*Your goal*
Copy out all lines in the data below containing the string "Align".

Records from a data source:
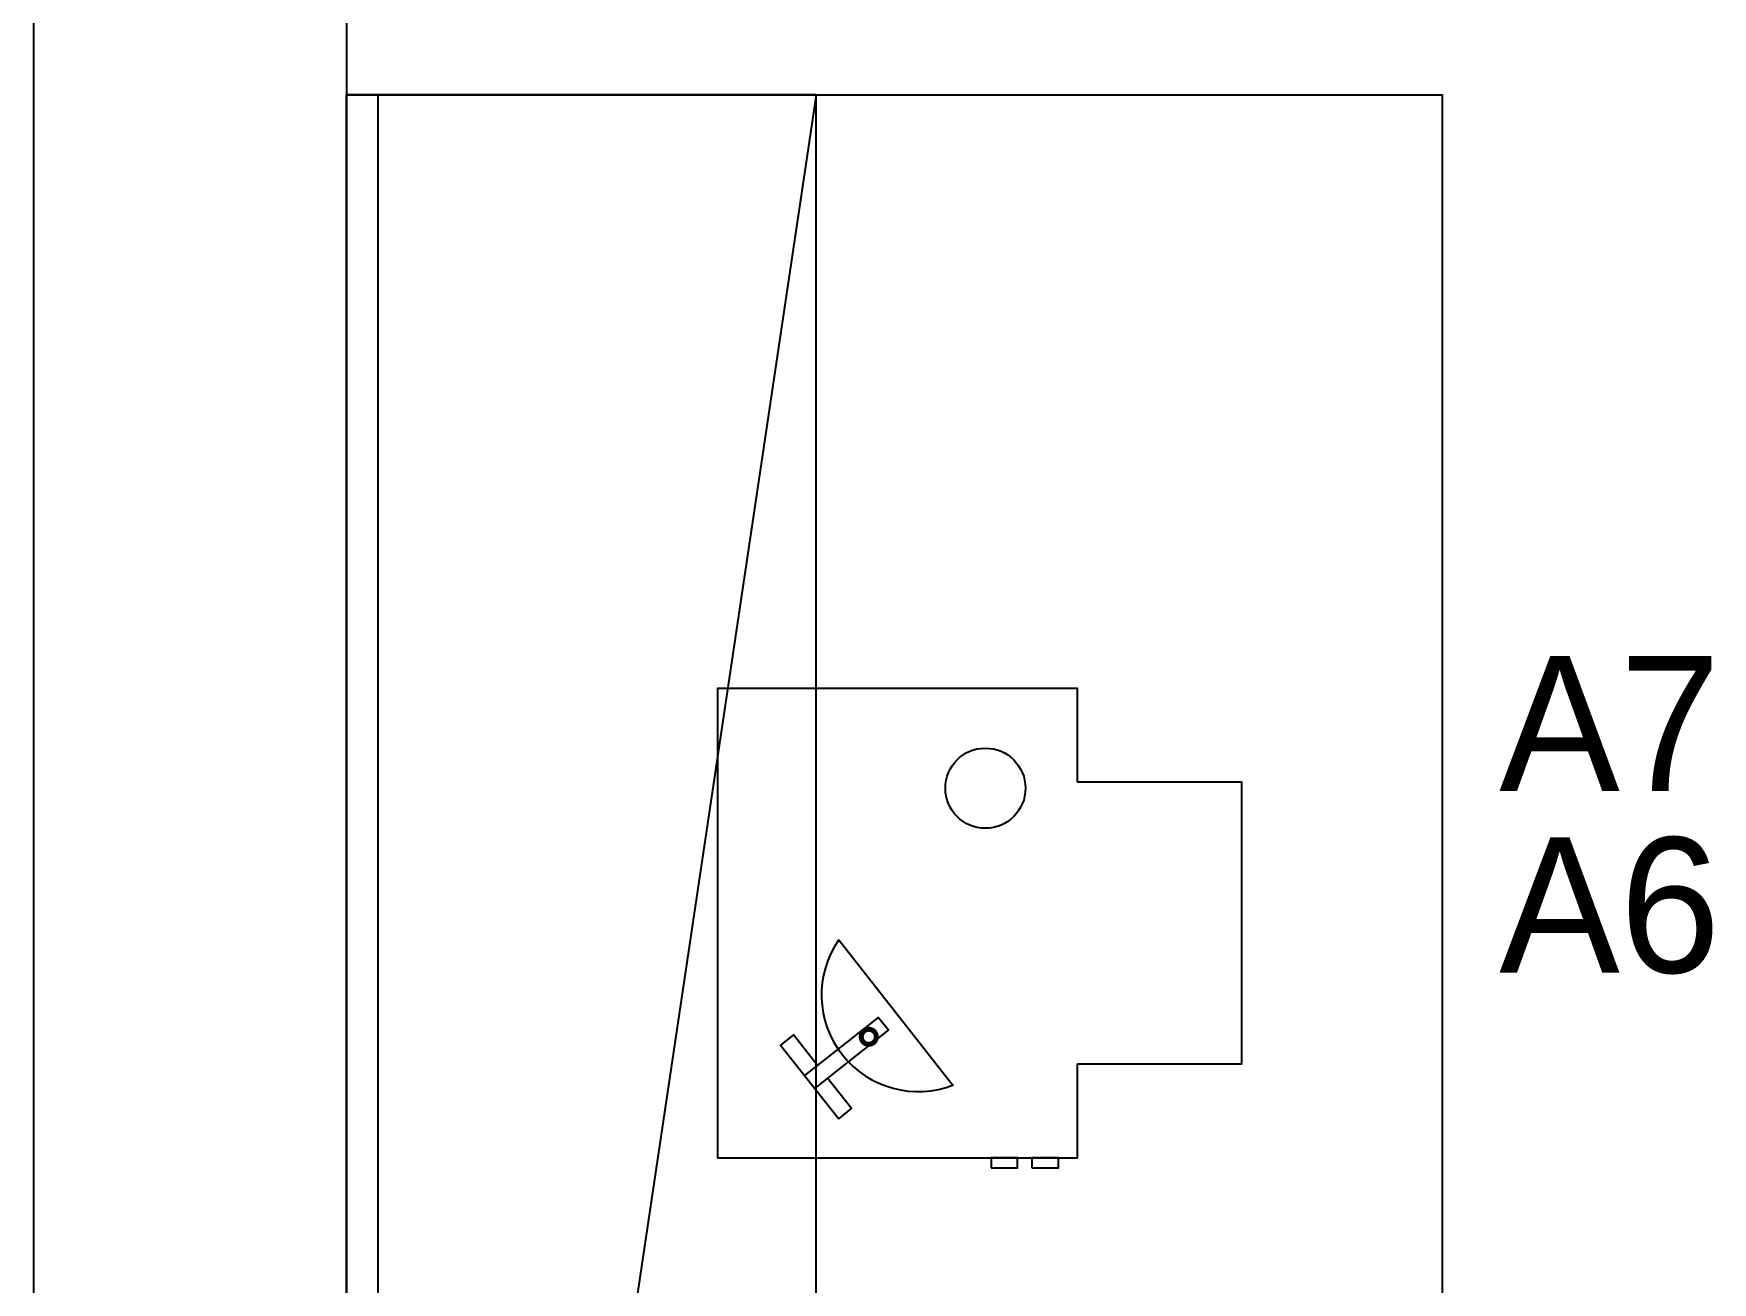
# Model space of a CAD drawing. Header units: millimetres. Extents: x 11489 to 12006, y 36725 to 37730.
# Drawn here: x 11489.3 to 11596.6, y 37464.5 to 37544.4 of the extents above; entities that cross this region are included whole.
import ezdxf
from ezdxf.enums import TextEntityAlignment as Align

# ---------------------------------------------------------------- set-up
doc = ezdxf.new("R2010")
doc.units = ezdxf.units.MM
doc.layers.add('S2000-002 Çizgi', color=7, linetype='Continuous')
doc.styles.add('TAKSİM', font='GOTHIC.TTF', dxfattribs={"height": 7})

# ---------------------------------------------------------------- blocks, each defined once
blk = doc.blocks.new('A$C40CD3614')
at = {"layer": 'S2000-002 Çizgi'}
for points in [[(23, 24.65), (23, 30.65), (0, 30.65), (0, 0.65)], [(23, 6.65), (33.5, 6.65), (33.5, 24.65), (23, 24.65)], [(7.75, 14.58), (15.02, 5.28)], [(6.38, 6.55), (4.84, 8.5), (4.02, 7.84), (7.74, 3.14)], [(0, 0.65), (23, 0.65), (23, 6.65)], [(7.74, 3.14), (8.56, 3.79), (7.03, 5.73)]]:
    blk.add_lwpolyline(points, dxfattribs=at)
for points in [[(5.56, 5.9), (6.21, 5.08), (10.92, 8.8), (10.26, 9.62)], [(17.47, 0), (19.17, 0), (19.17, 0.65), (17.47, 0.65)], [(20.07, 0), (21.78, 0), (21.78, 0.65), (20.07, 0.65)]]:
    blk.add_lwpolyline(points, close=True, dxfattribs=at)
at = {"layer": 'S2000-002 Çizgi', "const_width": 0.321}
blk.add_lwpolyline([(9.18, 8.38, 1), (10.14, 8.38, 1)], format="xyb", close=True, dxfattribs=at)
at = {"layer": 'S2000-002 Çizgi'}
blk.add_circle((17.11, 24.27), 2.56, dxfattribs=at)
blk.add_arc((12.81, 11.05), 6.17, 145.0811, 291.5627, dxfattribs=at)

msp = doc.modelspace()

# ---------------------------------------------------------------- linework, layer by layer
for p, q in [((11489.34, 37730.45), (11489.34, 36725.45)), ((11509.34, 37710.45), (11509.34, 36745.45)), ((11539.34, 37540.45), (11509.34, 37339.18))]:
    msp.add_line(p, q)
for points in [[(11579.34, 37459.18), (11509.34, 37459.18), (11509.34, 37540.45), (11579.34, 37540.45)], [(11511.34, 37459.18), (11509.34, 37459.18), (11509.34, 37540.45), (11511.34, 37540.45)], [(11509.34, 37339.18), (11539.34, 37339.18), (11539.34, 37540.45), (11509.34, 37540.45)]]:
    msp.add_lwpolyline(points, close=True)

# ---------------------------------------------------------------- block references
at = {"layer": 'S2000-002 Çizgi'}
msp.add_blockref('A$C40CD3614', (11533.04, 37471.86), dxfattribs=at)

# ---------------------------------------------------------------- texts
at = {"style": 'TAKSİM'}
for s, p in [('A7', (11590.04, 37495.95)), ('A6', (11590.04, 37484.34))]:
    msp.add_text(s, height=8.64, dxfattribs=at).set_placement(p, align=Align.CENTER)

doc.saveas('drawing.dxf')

*Exercise answer*
from ezdxf.enums import TextEntityAlignment as Align
    msp.add_text(s, height=8.64, dxfattribs=at).set_placement(p, align=Align.CENTER)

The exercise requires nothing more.